# MSI GTX 1070 Gaming Z 8 GB



## W1zzard (Sep 20, 2016)

MSI's GTX 1070 Gaming Z is the bigger brother of the Gaming X, with a higher GPU overclock and a memory OC. The backplate has also been pimped, featuring an RGB-illuminated MSI logo. Thermal performance is identical, which means the card is whisper-quiet and runs low temperatures - all at the same time.

*Show full review*


----------



## P4-630 (Sep 20, 2016)

I don't need an RGB logo on my backplate, I'm happy with my MSI GTX1070 Gaming *X*


----------



## WithoutWeakness (Sep 20, 2016)

I really don't see the point of buying this over the Gaming X. It's more expensive and it performs the exact same once overclocked. Sure, you get RGB lights, but when the card is covered in red accents it won't matter that you can do any color other than red or white. It's not like this is going to fit in well with your blue color scheme just because you could change the backlight on the emblem to blue.

Save yourself some money and just get the Gaming X like the guy above me.


----------



## Player (Sep 20, 2016)

Hi,

Thank you for the review!

The table on the first page lists the memory type for both GTX 1070 to be GDDR5X, when it should be GDDR5. The same problem exists in the ASUS GTX 1060 STRIX OC 6 GB review.


----------



## W1zzard (Sep 20, 2016)

Player said:


> Hi,
> 
> Thank you for the review!
> 
> The table on the first page lists the memory type for both GTX 1070 to be GDDR5X, when it should be GDDR5. The same problem exists in the ASUS GTX 1060 STRIX OC 6 GB review.


Thanks! Fixed


----------



## danbert2000 (Sep 21, 2016)

Holy crap, something happened with Nvidia performance in these benches. DOOM is much faster, the 1070 is handily beating the Fury X everywhere. Did the latest driver fix a bunch of stuff or what?


----------



## mrthanhnguyen (Sep 21, 2016)

Vulkan was updated to a newer version for Nvidia.


----------



## Rockarola (Sep 21, 2016)

WithoutWeakness said:


> I really don't see the point of buying this over the Gaming X. It's more expensive and it performs the exact same once overclocked. Sure, you get RGB lights, but when the card is covered in red accents it won't matter that you can do any color other than red or white. It's not like this is going to fit in well with your blue color scheme just because you could change the backlight on the emblem to blue.
> 
> Save yourself some money and just get the Gaming X like the guy above me.
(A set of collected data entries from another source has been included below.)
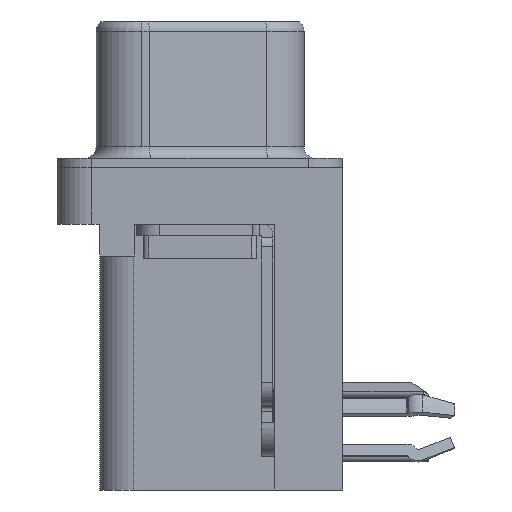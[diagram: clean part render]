
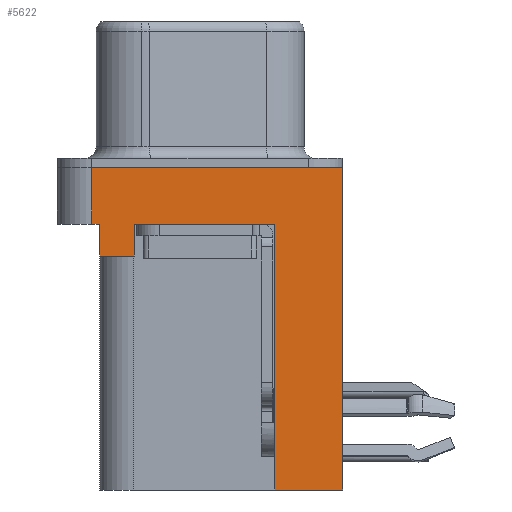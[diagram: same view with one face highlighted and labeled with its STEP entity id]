
A CAD part, left-side view. The second image highlights one B-rep face of the part: STEP entity #5622.
In plain terms, the highlighted planar face has unit normal (-1, 0, 0).
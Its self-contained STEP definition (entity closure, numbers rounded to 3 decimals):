
#38 = EDGE_CURVE ( 'NONE', #8733, #13087, #9636, .T. ) ;
#39 = CARTESIAN_POINT ( 'NONE',  ( -2.91, -3.295, -14.2 ) ) ;
#132 = VECTOR ( 'NONE', #14299, 1000. ) ;
#313 = VERTEX_POINT ( 'NONE', #12863 ) ;
#597 = ORIENTED_EDGE ( 'NONE', *, *, #15030, .F. ) ;
#672 = VECTOR ( 'NONE', #17609, 1000. ) ;
#1473 = CARTESIAN_POINT ( 'NONE',  ( -2.91, 4.425, -3.9 ) ) ;
#1553 = DIRECTION ( 'NONE',  ( 0., 0., 1. ) ) ;
#1924 = CARTESIAN_POINT ( 'NONE',  ( -2.91, 4.775, -2.5 ) ) ;
#1987 = VERTEX_POINT ( 'NONE', #14819 ) ;
#2359 = CARTESIAN_POINT ( 'NONE',  ( -2.91, -6.275, -2.5 ) ) ;
#2361 = CARTESIAN_POINT ( 'NONE',  ( -2.91, 4.775, 0. ) ) ;
#2532 = DIRECTION ( 'NONE',  ( 0., 0., 1. ) ) ;
#2947 = ORIENTED_EDGE ( 'NONE', *, *, #6117, .T. ) ;
#2953 = CARTESIAN_POINT ( 'NONE',  ( -2.91, -3.295, -14.2 ) ) ;
#3691 = VERTEX_POINT ( 'NONE', #15410 ) ;
#3787 = ORIENTED_EDGE ( 'NONE', *, *, #13468, .F. ) ;
#3795 = CARTESIAN_POINT ( 'NONE',  ( -2.91, -3.295, -2.5 ) ) ;
#3830 = DIRECTION ( 'NONE',  ( -1., 0., 0. ) ) ;
#4394 = VECTOR ( 'NONE', #7333, 1000. ) ;
#4527 = VECTOR ( 'NONE', #16807, 1000. ) ;
#4772 = VECTOR ( 'NONE', #7840, 1000. ) ;
#4997 = VERTEX_POINT ( 'NONE', #12577 ) ;
#5059 = LINE ( 'NONE', #2359, #4772 ) ;
#5302 = CARTESIAN_POINT ( 'NONE',  ( -2.91, 2.895, -2.5 ) ) ;
#5402 = EDGE_CURVE ( 'NONE', #7972, #14022, #5726, .T. ) ;
#5571 = EDGE_CURVE ( 'NONE', #9259, #7972, #6690, .T. ) ;
#5622 = ADVANCED_FACE ( 'NONE', ( #17700 ), #6870, .T. ) ;
#5726 = LINE ( 'NONE', #8603, #4394 ) ;
#5795 = DIRECTION ( 'NONE',  ( 0., 0., 1. ) ) ;
#6117 = EDGE_CURVE ( 'NONE', #8733, #4997, #5059, .T. ) ;
#6690 = LINE ( 'NONE', #16353, #672 ) ;
#6870 = PLANE ( 'NONE',  #7563 ) ;
#7333 = DIRECTION ( 'NONE',  ( 0., -1., 0. ) ) ;
#7518 = VERTEX_POINT ( 'NONE', #2361 ) ;
#7563 = AXIS2_PLACEMENT_3D ( 'NONE', #11986, #3830, #16270 ) ;
#7619 = ORIENTED_EDGE ( 'NONE', *, *, #5402, .T. ) ;
#7840 = DIRECTION ( 'NONE',  ( 0., 0., 1. ) ) ;
#7972 = VERTEX_POINT ( 'NONE', #5302 ) ;
#8095 = EDGE_CURVE ( 'NONE', #313, #1987, #8435, .T. ) ;
#8435 = LINE ( 'NONE', #16582, #16229 ) ;
#8603 = CARTESIAN_POINT ( 'NONE',  ( -2.91, -6.275, -2.5 ) ) ;
#8733 = VERTEX_POINT ( 'NONE', #15238 ) ;
#8841 = LINE ( 'NONE', #15892, #132 ) ;
#9259 = VERTEX_POINT ( 'NONE', #16829 ) ;
#9271 = LINE ( 'NONE', #9358, #13427 ) ;
#9358 = CARTESIAN_POINT ( 'NONE',  ( -2.91, -3.295, -14.2 ) ) ;
#9636 = LINE ( 'NONE', #39, #16774 ) ;
#10181 = CARTESIAN_POINT ( 'NONE',  ( -2.91, 4.425, -3.9 ) ) ;
#10723 = DIRECTION ( 'NONE',  ( 0., 1., 0. ) ) ;
#10825 = VECTOR ( 'NONE', #5795, 1000. ) ;
#10876 = EDGE_CURVE ( 'NONE', #7518, #4997, #8841, .T. ) ;
#11986 = CARTESIAN_POINT ( 'NONE',  ( -2.91, -6.275, -2.5 ) ) ;
#12577 = CARTESIAN_POINT ( 'NONE',  ( -2.91, -6.275, 0. ) ) ;
#12863 = CARTESIAN_POINT ( 'NONE',  ( -2.91, 4.775, -2.5 ) ) ;
#13087 = VERTEX_POINT ( 'NONE', #2953 ) ;
#13126 = VECTOR ( 'NONE', #1553, 1000. ) ;
#13427 = VECTOR ( 'NONE', #2532, 1000. ) ;
#13446 = EDGE_CURVE ( 'NONE', #9259, #3691, #16713, .T. ) ;
#13468 = EDGE_CURVE ( 'NONE', #313, #7518, #17074, .T. ) ;
#13496 = ORIENTED_EDGE ( 'NONE', *, *, #38, .F. ) ;
#13501 = LINE ( 'NONE', #1473, #13126 ) ;
#14022 = VERTEX_POINT ( 'NONE', #3795 ) ;
#14287 = ORIENTED_EDGE ( 'NONE', *, *, #13446, .F. ) ;
#14299 = DIRECTION ( 'NONE',  ( 0., -1., 0. ) ) ;
#14352 = ORIENTED_EDGE ( 'NONE', *, *, #5571, .T. ) ;
#14713 = ORIENTED_EDGE ( 'NONE', *, *, #8095, .T. ) ;
#14819 = CARTESIAN_POINT ( 'NONE',  ( -2.91, 4.425, -2.5 ) ) ;
#14970 = DIRECTION ( 'NONE',  ( 0., -1., 0. ) ) ;
#14986 = ORIENTED_EDGE ( 'NONE', *, *, #10876, .F. ) ;
#15030 = EDGE_CURVE ( 'NONE', #13087, #14022, #9271, .T. ) ;
#15238 = CARTESIAN_POINT ( 'NONE',  ( -2.91, -6.275, -14.2 ) ) ;
#15410 = CARTESIAN_POINT ( 'NONE',  ( -2.91, 4.425, -3.9 ) ) ;
#15802 = EDGE_CURVE ( 'NONE', #3691, #1987, #13501, .T. ) ;
#15892 = CARTESIAN_POINT ( 'NONE',  ( -2.91, -6.275, 0. ) ) ;
#16076 = ORIENTED_EDGE ( 'NONE', *, *, #15802, .F. ) ;
#16229 = VECTOR ( 'NONE', #14970, 1000. ) ;
#16253 = EDGE_LOOP ( 'NONE', ( #14986, #3787, #14713, #16076, #14287, #14352, #7619, #597, #13496, #2947 ) ) ;
#16270 = DIRECTION ( 'NONE',  ( 0., 0., 1. ) ) ;
#16353 = CARTESIAN_POINT ( 'NONE',  ( -2.91, 2.895, -3.9 ) ) ;
#16582 = CARTESIAN_POINT ( 'NONE',  ( -2.91, -6.275, -2.5 ) ) ;
#16713 = LINE ( 'NONE', #10181, #4527 ) ;
#16774 = VECTOR ( 'NONE', #10723, 1000. ) ;
#16807 = DIRECTION ( 'NONE',  ( 0., 1., 0. ) ) ;
#16829 = CARTESIAN_POINT ( 'NONE',  ( -2.91, 2.895, -3.9 ) ) ;
#17074 = LINE ( 'NONE', #1924, #10825 ) ;
#17609 = DIRECTION ( 'NONE',  ( 0., 0., 1. ) ) ;
#17700 = FACE_OUTER_BOUND ( 'NONE', #16253, .T. ) ;

I haven't worked with that cover, but it's usually no problem to remove the cover, paint it and re-attach it. 
A bit of sandpaper, model paint and a fine brush will get you there...if you want that bling, you'll be willing to work a bit for it, right? ;-)


----------



## Moofachuka (Sep 21, 2016)

Glad I got 1070 MSI Gaming X... I don't like that red badge...


----------



## chr0nos (Sep 21, 2016)

danbert2000 said:


> Holy crap, something happened with Nvidia performance in these benches. DOOM is much faster, the 1070 is handily beating the Fury X everywhere. Did the latest driver fix a bunch of stuff or what?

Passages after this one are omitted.